Win Your Email Marketing Championship Using Fantasy Football Wisdom

6 minute read

Upland Admin

Blog: Email Marketing Strategy & Tactics

In 2013, it was estimated that 32 million Americans spend $467 per person or about $15 billion in total playing fantasy sports. In 2015, that number jumped to $26 billion and shows no signs of decreasing.

Holy cow.

While you’re trying to process the crazy amount of money that is being spent on virtual football, baseball, basketball, and other sports, you might also be asking yourself what any of this has to do with email marketing? Fair question. In fact, I’d probably be worried if you weren’t curious about a possible connection between the two. And yes, there is a connection.

Take a look at the following description, and tell me if I’m talking about fantasy sports or email marketing:

It’s a game of strategy, keen judgment, and knowing when to change it up. It’s about minimizing risk while maximizing upside. It’s an analytical review of past performance and educated guesses for future moves. It’s a flowing and constantly evolving way of life that requires digital grace for success.

So, am I talking about fantasy sports or email marketing? Well, it’s both.

You see, the great thing about sports is that the lessons in sports can be applied to all aspects of life, and fantasy sports are no different! Fantasy sports is more than just a game of picking your virtual guys who will play for you for the day, week, or year and letting it roll. It’s strategy and planning, review of techniques, and balancing risk to achieve maximum reward. Email marketing works very similarly.

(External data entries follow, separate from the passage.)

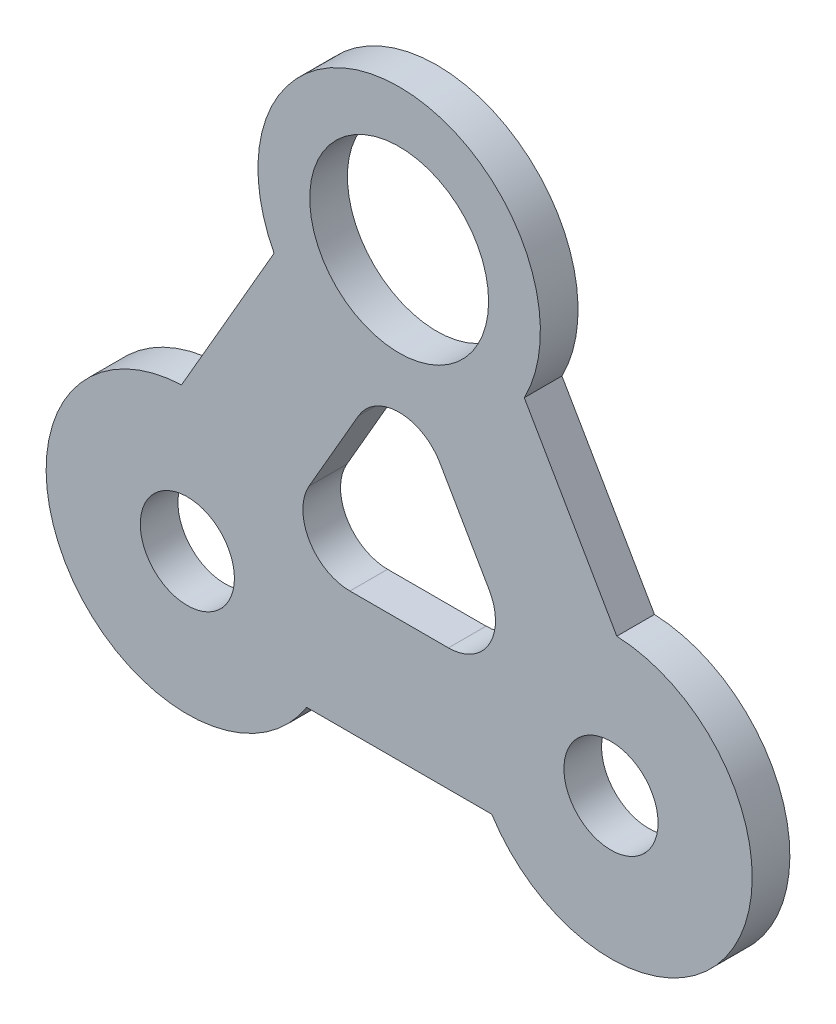
ISO-10303-21;
HEADER;
FILE_DESCRIPTION(('STEP AP214'),'2;1');
FILE_NAME('part.step','',(''),(''),'','','');
FILE_SCHEMA(('AUTOMOTIVE_DESIGN { 1 0 10303 214 1 1 1 1 }'));
ENDSEC;
DATA;
#1=APPLICATION_CONTEXT('core data for automotive mechanical design processes');
#2=APPLICATION_PROTOCOL_DEFINITION('international standard','automotive_design',2000,#1);
#3=PRODUCT_CONTEXT('',#1,'mechanical');
#4=PRODUCT('Part','Part','',(#3));
#5=PRODUCT_RELATED_PRODUCT_CATEGORY('part','',(#4));
#6=PRODUCT_DEFINITION_FORMATION('','',#4);
#7=PRODUCT_DEFINITION_CONTEXT('part definition',#1,'design');
#8=PRODUCT_DEFINITION('design','',#6,#7);
#9=PRODUCT_DEFINITION_SHAPE('','',#8);
#10=(LENGTH_UNIT() NAMED_UNIT(*) SI_UNIT(.MILLI.,.METRE.));
#11=(NAMED_UNIT(*) PLANE_ANGLE_UNIT() SI_UNIT($,.RADIAN.));
#12=(NAMED_UNIT(*) SI_UNIT($,.STERADIAN.) SOLID_ANGLE_UNIT());
#13=UNCERTAINTY_MEASURE_WITH_UNIT(LENGTH_MEASURE(1.E-05),#10,'distance_accuracy_value','');
#14=(GEOMETRIC_REPRESENTATION_CONTEXT(3) GLOBAL_UNCERTAINTY_ASSIGNED_CONTEXT((#13)) GLOBAL_UNIT_ASSIGNED_CONTEXT((#10,
#11,#12)) REPRESENTATION_CONTEXT('',''));
#15=CARTESIAN_POINT('',(0.,0.,0.));
#16=DIRECTION('',(0.,0.,1.));
#17=DIRECTION('',(1.,0.,0.));
#18=AXIS2_PLACEMENT_3D('',#15,#16,#17);
#19=CARTESIAN_POINT('',(0.,0.,4.));
#20=DIRECTION('',(0.,0.,1.));
#21=DIRECTION('',(1.,0.,0.));
#22=AXIS2_PLACEMENT_3D('',#19,#20,#21);
#23=PLANE('',#22);
#24=CARTESIAN_POINT('',(22.5,-38.9711431702997,4.));
#25=DIRECTION('',(0.,0.,1.));
#26=DIRECTION('',(1.,0.,0.));
#27=AXIS2_PLACEMENT_3D('',#24,#25,#26);
#28=CIRCLE('',#27,5.00000000000001);
#29=CARTESIAN_POINT('',(27.5,-38.9711431702997,4.));
#30=VERTEX_POINT('',#29);
#31=EDGE_CURVE('E206',#30,#30,#28,.T.);
#32=ORIENTED_EDGE('',*,*,#31,.F.);
#33=EDGE_LOOP('',(#32));
#34=FACE_BOUND('',#33,.T.);
#35=DIRECTION('',(-0.500000000000004,-0.866025403784436,0.));
#36=VECTOR('',#35,1.);
#37=CARTESIAN_POINT('',(-18.2031939778686,-15.4711431702998,4.));
#38=LINE('',#37,#36);
#39=CARTESIAN_POINT('',(-13.2883628392364,-6.95840592756717,4.));
#40=VERTEX_POINT('',#39);
#41=CARTESIAN_POINT('',(-23.1180251165009,-23.9838804130323,4.));
#42=VERTEX_POINT('',#41);
#43=EDGE_CURVE('E222',#40,#42,#38,.T.);
#44=ORIENTED_EDGE('',*,*,#43,.T.);
#45=CARTESIAN_POINT('',(-22.5,-38.9711431702997,4.));
#46=DIRECTION('',(0.,0.,1.));
#47=DIRECTION('',(-1.,0.,0.));
#48=AXIS2_PLACEMENT_3D('',#45,#46,#47);
#49=CIRCLE('',#48,15.);
#50=CARTESIAN_POINT('',(-9.82966227726444,-47.,4.));
#51=VERTEX_POINT('',#50);
#52=EDGE_CURVE('E225',#42,#51,#49,.T.);
#53=ORIENTED_EDGE('',*,*,#52,.T.);
#54=DIRECTION('',(1.,0.,0.));
#55=VECTOR('',#54,1.);
#56=CARTESIAN_POINT('',(0.,-47.,4.));
#57=LINE('',#56,#55);
#58=CARTESIAN_POINT('',(9.82966227726446,-47.,4.));
#59=VERTEX_POINT('',#58);
#60=EDGE_CURVE('E229',#51,#59,#57,.T.);
#61=ORIENTED_EDGE('',*,*,#60,.T.);
#62=CARTESIAN_POINT('',(22.5000000000001,-38.9711431702998,4.));
#63=DIRECTION('',(0.,0.,1.));
#64=DIRECTION('',(-1.,0.,0.));
#65=AXIS2_PLACEMENT_3D('',#62,#63,#64);
#66=CIRCLE('',#65,15.0000000000001);
#67=CARTESIAN_POINT('',(23.1180251165009,-23.9838804130323,4.));
#68=VERTEX_POINT('',#67);
#69=EDGE_CURVE('E232',#59,#68,#66,.T.);
#70=ORIENTED_EDGE('',*,*,#69,.T.);
#71=DIRECTION('',(-0.500000000000005,0.866025403784436,0.));
#72=VECTOR('',#71,1.);
#73=CARTESIAN_POINT('',(18.2031939778686,-15.4711431702998,4.));
#74=LINE('',#73,#72);
#75=CARTESIAN_POINT('',(13.2883628392364,-6.95840592756718,4.));
#76=VERTEX_POINT('',#75);
#77=EDGE_CURVE('E235',#68,#76,#74,.T.);
#78=ORIENTED_EDGE('',*,*,#77,.T.);
#79=CARTESIAN_POINT('',(0.,0.,4.));
#80=DIRECTION('',(0.,0.,1.));
#81=DIRECTION('',(1.,0.,0.));
#82=AXIS2_PLACEMENT_3D('',#79,#80,#81);
#83=CIRCLE('',#82,15.);
#84=EDGE_CURVE('E238',#76,#40,#83,.T.);
#85=ORIENTED_EDGE('',*,*,#84,.T.);
#86=EDGE_LOOP('',(#44,#53,#61,#70,#78,#85));
#87=FACE_BOUND('',#86,.T.);
#88=CARTESIAN_POINT('',(0.,0.,4.));
#89=DIRECTION('',(0.,0.,1.));
#90=DIRECTION('',(1.,0.,0.));
#91=AXIS2_PLACEMENT_3D('',#88,#89,#90);
#92=CIRCLE('',#91,9.5);
#93=CARTESIAN_POINT('',(9.5,0.,4.));
#94=VERTEX_POINT('',#93);
#95=EDGE_CURVE('E214',#94,#94,#92,.T.);
#96=ORIENTED_EDGE('',*,*,#95,.F.);
#97=EDGE_LOOP('',(#96));
#98=FACE_BOUND('',#97,.T.);
#99=CARTESIAN_POINT('',(-22.5,-38.9711431702997,4.));
#100=DIRECTION('',(0.,0.,1.));
#101=DIRECTION('',(1.,0.,0.));
#102=AXIS2_PLACEMENT_3D('',#99,#100,#101);
#103=CIRCLE('',#102,5.);
#104=CARTESIAN_POINT('',(-17.5,-38.9711431702997,4.));
#105=VERTEX_POINT('',#104);
#106=EDGE_CURVE('E198',#105,#105,#103,.T.);
#107=ORIENTED_EDGE('',*,*,#106,.F.);
#108=EDGE_LOOP('',(#107));
#109=FACE_BOUND('',#108,.T.);
#110=DIRECTION('',(-0.500000000000004,0.866025403784436,0.));
#111=VECTOR('',#110,1.);
#112=CARTESIAN_POINT('',(9.55960043841965,-26.5,4.));
#113=LINE('',#112,#111);
#114=CARTESIAN_POINT('',(9.55960043841965,-26.5,4.));
#115=VERTEX_POINT('',#114);
#116=CARTESIAN_POINT('',(4.33012701892218,-17.4422863405995,4.));
#117=VERTEX_POINT('',#116);
#118=EDGE_CURVE('E138',#115,#117,#113,.T.);
#119=ORIENTED_EDGE('',*,*,#118,.F.);
#120=CARTESIAN_POINT('',(5.22947341949744,-29.,4.));
#121=DIRECTION('',(0.,0.,1.));
#122=DIRECTION('',(1.,0.,0.));
#123=AXIS2_PLACEMENT_3D('',#120,#121,#122);
#124=CIRCLE('',#123,5.00000000000002);
#125=CARTESIAN_POINT('',(5.22947341949747,-34.,4.));
#126=VERTEX_POINT('',#125);
#127=EDGE_CURVE('E129',#126,#115,#124,.T.);
#128=ORIENTED_EDGE('',*,*,#127,.F.);
#129=DIRECTION('',(1.,0.,0.));
#130=VECTOR('',#129,1.);
#131=CARTESIAN_POINT('',(5.22947341949747,-34.,4.));
#132=LINE('',#131,#130);
#133=CARTESIAN_POINT('',(-5.22947341949747,-34.,4.));
#134=VERTEX_POINT('',#133);
#135=EDGE_CURVE('E164',#134,#126,#132,.T.);
#136=ORIENTED_EDGE('',*,*,#135,.F.);
#137=CARTESIAN_POINT('',(-5.22947341949746,-29.,4.));
#138=DIRECTION('',(0.,0.,1.));
#139=DIRECTION('',(-1.,0.,0.));
#140=AXIS2_PLACEMENT_3D('',#137,#138,#139);
#141=CIRCLE('',#140,5.);
#142=CARTESIAN_POINT('',(-9.55960043841965,-26.5,4.));
#143=VERTEX_POINT('',#142);
#144=EDGE_CURVE('E161',#143,#134,#141,.T.);
#145=ORIENTED_EDGE('',*,*,#144,.F.);
#146=DIRECTION('',(-0.500000000000004,-0.866025403784436,0.));
#147=VECTOR('',#146,1.);
#148=CARTESIAN_POINT('',(-4.33012701892218,-17.4422863405995,4.));
#149=LINE('',#148,#147);
#150=CARTESIAN_POINT('',(-4.33012701892219,-17.4422863405995,4.));
#151=VERTEX_POINT('',#150);
#152=EDGE_CURVE('E156',#151,#143,#149,.T.);
#153=ORIENTED_EDGE('',*,*,#152,.F.);
#154=CARTESIAN_POINT('',(0.,-19.9422863405995,4.));
#155=DIRECTION('',(0.,0.,1.));
#156=DIRECTION('',(1.,0.,0.));
#157=AXIS2_PLACEMENT_3D('',#154,#155,#156);
#158=CIRCLE('',#157,5.00000000000001);
#159=EDGE_CURVE('E152',#117,#151,#158,.T.);
#160=ORIENTED_EDGE('',*,*,#159,.F.);
#161=EDGE_LOOP('',(#119,#128,#136,#145,#153,#160));
#162=FACE_BOUND('',#161,.T.);
#163=ADVANCED_FACE('F39',(#34,#87,#98,#109,#162),#23,.T.);
#164=CARTESIAN_POINT('',(0.,0.,0.));
#165=DIRECTION('',(0.,0.,1.));
#166=DIRECTION('',(1.,0.,0.));
#167=AXIS2_PLACEMENT_3D('',#164,#165,#166);
#168=PLANE('',#167);
#169=CARTESIAN_POINT('',(-22.5,-38.9711431702997,0.));
#170=DIRECTION('',(0.,0.,1.));
#171=DIRECTION('',(1.,0.,0.));
#172=AXIS2_PLACEMENT_3D('',#169,#170,#171);
#173=CIRCLE('',#172,5.);
#174=CARTESIAN_POINT('',(-17.5,-38.9711431702997,0.));
#175=VERTEX_POINT('',#174);
#176=EDGE_CURVE('E147',#175,#175,#173,.T.);
#177=ORIENTED_EDGE('',*,*,#176,.T.);
#178=EDGE_LOOP('',(#177));
#179=FACE_BOUND('',#178,.T.);
#180=CARTESIAN_POINT('',(22.5,-38.9711431702997,0.));
#181=DIRECTION('',(0.,0.,1.));
#182=DIRECTION('',(1.,0.,0.));
#183=AXIS2_PLACEMENT_3D('',#180,#181,#182);
#184=CIRCLE('',#183,5.00000000000001);
#185=CARTESIAN_POINT('',(27.5,-38.9711431702997,0.));
#186=VERTEX_POINT('',#185);
#187=EDGE_CURVE('E202',#186,#186,#184,.T.);
#188=ORIENTED_EDGE('',*,*,#187,.T.);
#189=EDGE_LOOP('',(#188));
#190=FACE_BOUND('',#189,.T.);
#191=CARTESIAN_POINT('',(0.,0.,0.));
#192=DIRECTION('',(0.,0.,1.));
#193=DIRECTION('',(1.,0.,0.));
#194=AXIS2_PLACEMENT_3D('',#191,#192,#193);
#195=CIRCLE('',#194,9.5);
#196=CARTESIAN_POINT('',(9.5,0.,0.));
#197=VERTEX_POINT('',#196);
#198=EDGE_CURVE('E210',#197,#197,#195,.T.);
#199=ORIENTED_EDGE('',*,*,#198,.T.);
#200=EDGE_LOOP('',(#199));
#201=FACE_BOUND('',#200,.T.);
#202=DIRECTION('',(-0.500000000000004,-0.866025403784436,0.));
#203=VECTOR('',#202,1.);
#204=CARTESIAN_POINT('',(-18.2031939778686,-15.4711431702998,0.));
#205=LINE('',#204,#203);
#206=CARTESIAN_POINT('',(-13.2883628392364,-6.95840592756717,0.));
#207=VERTEX_POINT('',#206);
#208=CARTESIAN_POINT('',(-23.1180251165009,-23.9838804130323,0.));
#209=VERTEX_POINT('',#208);
#210=EDGE_CURVE('E218',#207,#209,#205,.T.);
#211=ORIENTED_EDGE('',*,*,#210,.F.);
#212=CARTESIAN_POINT('',(0.,0.,0.));
#213=DIRECTION('',(0.,0.,1.));
#214=DIRECTION('',(1.,0.,0.));
#215=AXIS2_PLACEMENT_3D('',#212,#213,#214);
#216=CIRCLE('',#215,15.);
#217=CARTESIAN_POINT('',(13.2883628392364,-6.95840592756718,0.));
#218=VERTEX_POINT('',#217);
#219=EDGE_CURVE('E226',#218,#207,#216,.T.);
#220=ORIENTED_EDGE('',*,*,#219,.F.);
#221=DIRECTION('',(-0.500000000000005,0.866025403784436,0.));
#222=VECTOR('',#221,1.);
#223=CARTESIAN_POINT('',(18.2031939778686,-15.4711431702998,0.));
#224=LINE('',#223,#222);
#225=CARTESIAN_POINT('',(23.1180251165009,-23.9838804130323,0.));
#226=VERTEX_POINT('',#225);
#227=EDGE_CURVE('E255',#226,#218,#224,.T.);
#228=ORIENTED_EDGE('',*,*,#227,.F.);
#229=CARTESIAN_POINT('',(22.5000000000001,-38.9711431702998,0.));
#230=DIRECTION('',(0.,0.,1.));
#231=DIRECTION('',(-1.,0.,0.));
#232=AXIS2_PLACEMENT_3D('',#229,#230,#231);
#233=CIRCLE('',#232,15.0000000000001);
#234=CARTESIAN_POINT('',(9.82966227726446,-47.,0.));
#235=VERTEX_POINT('',#234);
#236=EDGE_CURVE('E251',#235,#226,#233,.T.);
#237=ORIENTED_EDGE('',*,*,#236,.F.);
#238=DIRECTION('',(1.,0.,0.));
#239=VECTOR('',#238,1.);
#240=CARTESIAN_POINT('',(0.,-47.,0.));
#241=LINE('',#240,#239);
#242=CARTESIAN_POINT('',(-9.82966227726444,-47.,0.));
#243=VERTEX_POINT('',#242);
#244=EDGE_CURVE('E248',#243,#235,#241,.T.);
#245=ORIENTED_EDGE('',*,*,#244,.F.);
#246=CARTESIAN_POINT('',(-22.5,-38.9711431702997,0.));
#247=DIRECTION('',(0.,0.,1.));
#248=DIRECTION('',(-1.,0.,0.));
#249=AXIS2_PLACEMENT_3D('',#246,#247,#248);
#250=CIRCLE('',#249,15.);
#251=EDGE_CURVE('E244',#209,#243,#250,.T.);
#252=ORIENTED_EDGE('',*,*,#251,.F.);
#253=EDGE_LOOP('',(#211,#220,#228,#237,#245,#252));
#254=FACE_BOUND('',#253,.T.);
#255=CARTESIAN_POINT('',(5.22947341949744,-29.,0.));
#256=DIRECTION('',(0.,0.,1.));
#257=DIRECTION('',(1.,0.,0.));
#258=AXIS2_PLACEMENT_3D('',#255,#256,#257);
#259=CIRCLE('',#258,5.00000000000002);
#260=CARTESIAN_POINT('',(5.22947341949747,-34.,0.));
#261=VERTEX_POINT('',#260);
#262=CARTESIAN_POINT('',(9.55960043841965,-26.5,0.));
#263=VERTEX_POINT('',#262);
#264=EDGE_CURVE('E63',#261,#263,#259,.T.);
#265=ORIENTED_EDGE('',*,*,#264,.T.);
#266=DIRECTION('',(-0.500000000000004,0.866025403784436,0.));
#267=VECTOR('',#266,1.);
#268=CARTESIAN_POINT('',(9.55960043841965,-26.5,0.));
#269=LINE('',#268,#267);
#270=CARTESIAN_POINT('',(4.33012701892218,-17.4422863405995,0.));
#271=VERTEX_POINT('',#270);
#272=EDGE_CURVE('E145',#263,#271,#269,.T.);
#273=ORIENTED_EDGE('',*,*,#272,.T.);
#274=CARTESIAN_POINT('',(0.,-19.9422863405995,0.));
#275=DIRECTION('',(0.,0.,1.));
#276=DIRECTION('',(1.,0.,0.));
#277=AXIS2_PLACEMENT_3D('',#274,#275,#276);
#278=CIRCLE('',#277,5.00000000000001);
#279=CARTESIAN_POINT('',(-4.33012701892219,-17.4422863405995,0.));
#280=VERTEX_POINT('',#279);
#281=EDGE_CURVE('E171',#271,#280,#278,.T.);
#282=ORIENTED_EDGE('',*,*,#281,.T.);
#283=DIRECTION('',(-0.500000000000004,-0.866025403784436,0.));
#284=VECTOR('',#283,1.);
#285=CARTESIAN_POINT('',(-4.33012701892218,-17.4422863405995,0.));
#286=LINE('',#285,#284);
#287=CARTESIAN_POINT('',(-9.55960043841965,-26.5,0.));
#288=VERTEX_POINT('',#287);
#289=EDGE_CURVE('E175',#280,#288,#286,.T.);
#290=ORIENTED_EDGE('',*,*,#289,.T.);
#291=CARTESIAN_POINT('',(-5.22947341949746,-29.,0.));
#292=DIRECTION('',(0.,0.,1.));
#293=DIRECTION('',(-1.,0.,0.));
#294=AXIS2_PLACEMENT_3D('',#291,#292,#293);
#295=CIRCLE('',#294,5.);
#296=CARTESIAN_POINT('',(-5.22947341949747,-34.,0.));
#297=VERTEX_POINT('',#296);
#298=EDGE_CURVE('E179',#288,#297,#295,.T.);
#299=ORIENTED_EDGE('',*,*,#298,.T.);
#300=DIRECTION('',(1.,0.,0.));
#301=VECTOR('',#300,1.);
#302=CARTESIAN_POINT('',(5.22947341949747,-34.,0.));
#303=LINE('',#302,#301);
#304=EDGE_CURVE('E139',#297,#261,#303,.T.);
#305=ORIENTED_EDGE('',*,*,#304,.T.);
#306=EDGE_LOOP('',(#265,#273,#282,#290,#299,#305));
#307=FACE_BOUND('',#306,.T.);
#308=ADVANCED_FACE('F288',(#179,#190,#201,#254,#307),#168,.F.);
#309=CARTESIAN_POINT('',(-18.2031939778686,-15.4711431702998,4.));
#310=DIRECTION('',(0.866025403784436,-0.500000000000004,0.));
#311=DIRECTION('',(0.500000000000004,0.866025403784436,0.));
#312=AXIS2_PLACEMENT_3D('',#309,#310,#311);
#313=PLANE('',#312);
#314=ORIENTED_EDGE('',*,*,#210,.T.);
#315=DIRECTION('',(0.,0.,-1.));
#316=VECTOR('',#315,1.);
#317=CARTESIAN_POINT('',(-23.1180251165009,-23.9838804130323,4.));
#318=LINE('',#317,#316);
#319=EDGE_CURVE('E11',#42,#209,#318,.T.);
#320=ORIENTED_EDGE('',*,*,#319,.F.);
#321=ORIENTED_EDGE('',*,*,#43,.F.);
#322=DIRECTION('',(0.,0.,-1.));
#323=VECTOR('',#322,1.);
#324=CARTESIAN_POINT('',(-13.2883628392364,-6.95840592756717,4.));
#325=LINE('',#324,#323);
#326=EDGE_CURVE('E241',#40,#207,#325,.T.);
#327=ORIENTED_EDGE('',*,*,#326,.T.);
#328=EDGE_LOOP('',(#314,#320,#321,#327));
#329=FACE_BOUND('',#328,.T.);
#330=ADVANCED_FACE('F41',(#329),#313,.F.);
#331=CARTESIAN_POINT('',(-22.5,-38.9711431702997,4.));
#332=DIRECTION('',(0.,0.,-1.));
#333=DIRECTION('',(-1.,0.,0.));
#334=AXIS2_PLACEMENT_3D('',#331,#332,#333);
#335=CYLINDRICAL_SURFACE('',#334,15.);
#336=ORIENTED_EDGE('',*,*,#251,.T.);
#337=DIRECTION('',(0.,0.,-1.));
#338=VECTOR('',#337,1.);
#339=CARTESIAN_POINT('',(-9.82966227726444,-47.,4.));
#340=LINE('',#339,#338);
#341=EDGE_CURVE('E48',#51,#243,#340,.T.);
#342=ORIENTED_EDGE('',*,*,#341,.F.);
#343=ORIENTED_EDGE('',*,*,#52,.F.);
#344=ORIENTED_EDGE('',*,*,#319,.T.);
#345=EDGE_LOOP('',(#336,#342,#343,#344));
#346=FACE_BOUND('',#345,.T.);
#347=ADVANCED_FACE('F284',(#346),#335,.T.);
#348=CARTESIAN_POINT('',(0.,-47.,4.));
#349=DIRECTION('',(0.,1.,0.));
#350=DIRECTION('',(0.,0.,1.));
#351=AXIS2_PLACEMENT_3D('',#348,#349,#350);
#352=PLANE('',#351);
#353=ORIENTED_EDGE('',*,*,#244,.T.);
#354=DIRECTION('',(0.,0.,-1.));
#355=VECTOR('',#354,1.);
#356=CARTESIAN_POINT('',(9.82966227726446,-47.,4.));
#357=LINE('',#356,#355);
#358=EDGE_CURVE('E272',#59,#235,#357,.T.);
#359=ORIENTED_EDGE('',*,*,#358,.F.);
#360=ORIENTED_EDGE('',*,*,#60,.F.);
#361=ORIENTED_EDGE('',*,*,#341,.T.);
#362=EDGE_LOOP('',(#353,#359,#360,#361));
#363=FACE_BOUND('',#362,.T.);
#364=ADVANCED_FACE('F280',(#363),#352,.F.);
#365=CARTESIAN_POINT('',(22.5000000000001,-38.9711431702998,4.));
#366=DIRECTION('',(0.,0.,-1.));
#367=DIRECTION('',(-1.,0.,0.));
#368=AXIS2_PLACEMENT_3D('',#365,#366,#367);
#369=CYLINDRICAL_SURFACE('',#368,15.0000000000001);
#370=ORIENTED_EDGE('',*,*,#236,.T.);
#371=DIRECTION('',(0.,0.,-1.));
#372=VECTOR('',#371,1.);
#373=CARTESIAN_POINT('',(23.1180251165009,-23.9838804130323,4.));
#374=LINE('',#373,#372);
#375=EDGE_CURVE('E268',#68,#226,#374,.T.);
#376=ORIENTED_EDGE('',*,*,#375,.F.);
#377=ORIENTED_EDGE('',*,*,#69,.F.);
#378=ORIENTED_EDGE('',*,*,#358,.T.);
#379=EDGE_LOOP('',(#370,#376,#377,#378));
#380=FACE_BOUND('',#379,.T.);
#381=ADVANCED_FACE('F294',(#380),#369,.T.);
#382=CARTESIAN_POINT('',(18.2031939778686,-15.4711431702998,4.));
#383=DIRECTION('',(-0.866025403784436,-0.500000000000005,0.));
#384=DIRECTION('',(0.500000000000005,-0.866025403784436,0.));
#385=AXIS2_PLACEMENT_3D('',#382,#383,#384);
#386=PLANE('',#385);
#387=ORIENTED_EDGE('',*,*,#227,.T.);
#388=DIRECTION('',(0.,0.,-1.));
#389=VECTOR('',#388,1.);
#390=CARTESIAN_POINT('',(13.2883628392364,-6.95840592756718,4.));
#391=LINE('',#390,#389);
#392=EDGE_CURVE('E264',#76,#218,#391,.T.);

1. It’s a Week-To-Week Game

The thing about fantasy sports, and let’s use fantasy football for this example, is that it’s not really a year-long game. Sure, you want to take home the championship, but you probably won’t get there by only playing the guys you drafted. Fantasy football is really a weekly game: each week you’re making moves to win THAT WEEK, not moves for the year. Big-picture play is great, and deserves some focus, but it’s hard to make the playoffs if you can’t adjust your team on a weekly basis. Email is similar.

When it comes to email marketing, looking at the big picture of a campaign is very important when it comes to the alignment of your efforts and various emails, but so are the week-to-week details. Like fantasy football, email marketing needs to be treated as a “weekly game.” While you can have an overarching campaign, each email is its own competition and needs to be treated as such, while also being part of the big picture. If you’re doing a 2017 email campaign designed to bring people to your website, your monthly and weekly emails must be able to adapt when necessary to achieve a more efficient ending. With the overall idea of “winning” your campaign (season) in mind, you need to look to each email as its own vehicle for success. Which brings us to point two…

2. Make Smart Moves

During every fantasy sports season, you will inevitably be faced with a conundrum of some sort, usually many conundrums. Do I want to start Derek Carr or Dak Prescott this week? Should I start the sure thing at wide receiver or a guy who could explode this week? Am I picking the Cleveland Browns to win this week?* Similarly, email is a game that requires moves that can best be described as calculated risk.

Email needs to be looked at with the same strategic eye you use to set your starters. Much like choosing between two running backs, email marketers must decide between subject lines, headings, CTAs, and tone of emails. If your open rate is falling below expectations, like a certain running back (coughToddGurleycoughcough), then you need to know when to change it up and use a different subject line to spur more opens in future emails. If the CTR is floundering like DeAndre Hopkins’ season, then change the CTA and see if a new wording (player) can make a difference. Knowing when to act can make or break a campaign (season) and is the sign of a winner.

3. One Bad Week Doesn’t Kill A Season

Once upon a time, there was a guy in my fantasy football league who had a terrible team. His players were basically the equivalent of the high school JV team, and my team was riding a four-game winning streak. What happened in our matchup? Well…let’s say that some of my guys overslept or were out partying the night before, because I got whacked! My team got absolutely destroyed by this guy and it had me worried for a second, but then I remembered a long-standing fantasy rule: It’s a long season. Surprise surprise, this applies to email as well.

If you send out an email and it absolutely bombs — I’m talking terrible open rate, no CTR, and more than usual unsubscribes — well…it happens to all of us eventually. Despite your best efforts, everyone has a down email, or week, from time to time. The important thing is to not let it discourage you from future emailing endeavors but to learn from it. This ties in directly with point two: if you have an email that suffers, you need to assess why it failed and make smart moves to change the next one. Failure is not always a bad thing, especially when you can learn from it. Good news for email marketers, great news for the Cleveland Browns.

4th and 1

Fantasy sports can translate to many facets of our lives, with email being no different. The success of an email campaign and a fantasy football season relies on the same characteristics in order to succeed, with each really just being games educated guesses, best practices, hunches, and occasionally dumb luck. Still, when skill and preparation come together in both, that’s when you have a shot at great email success (championship!)

* Just kidding! Nobody’s ever done that.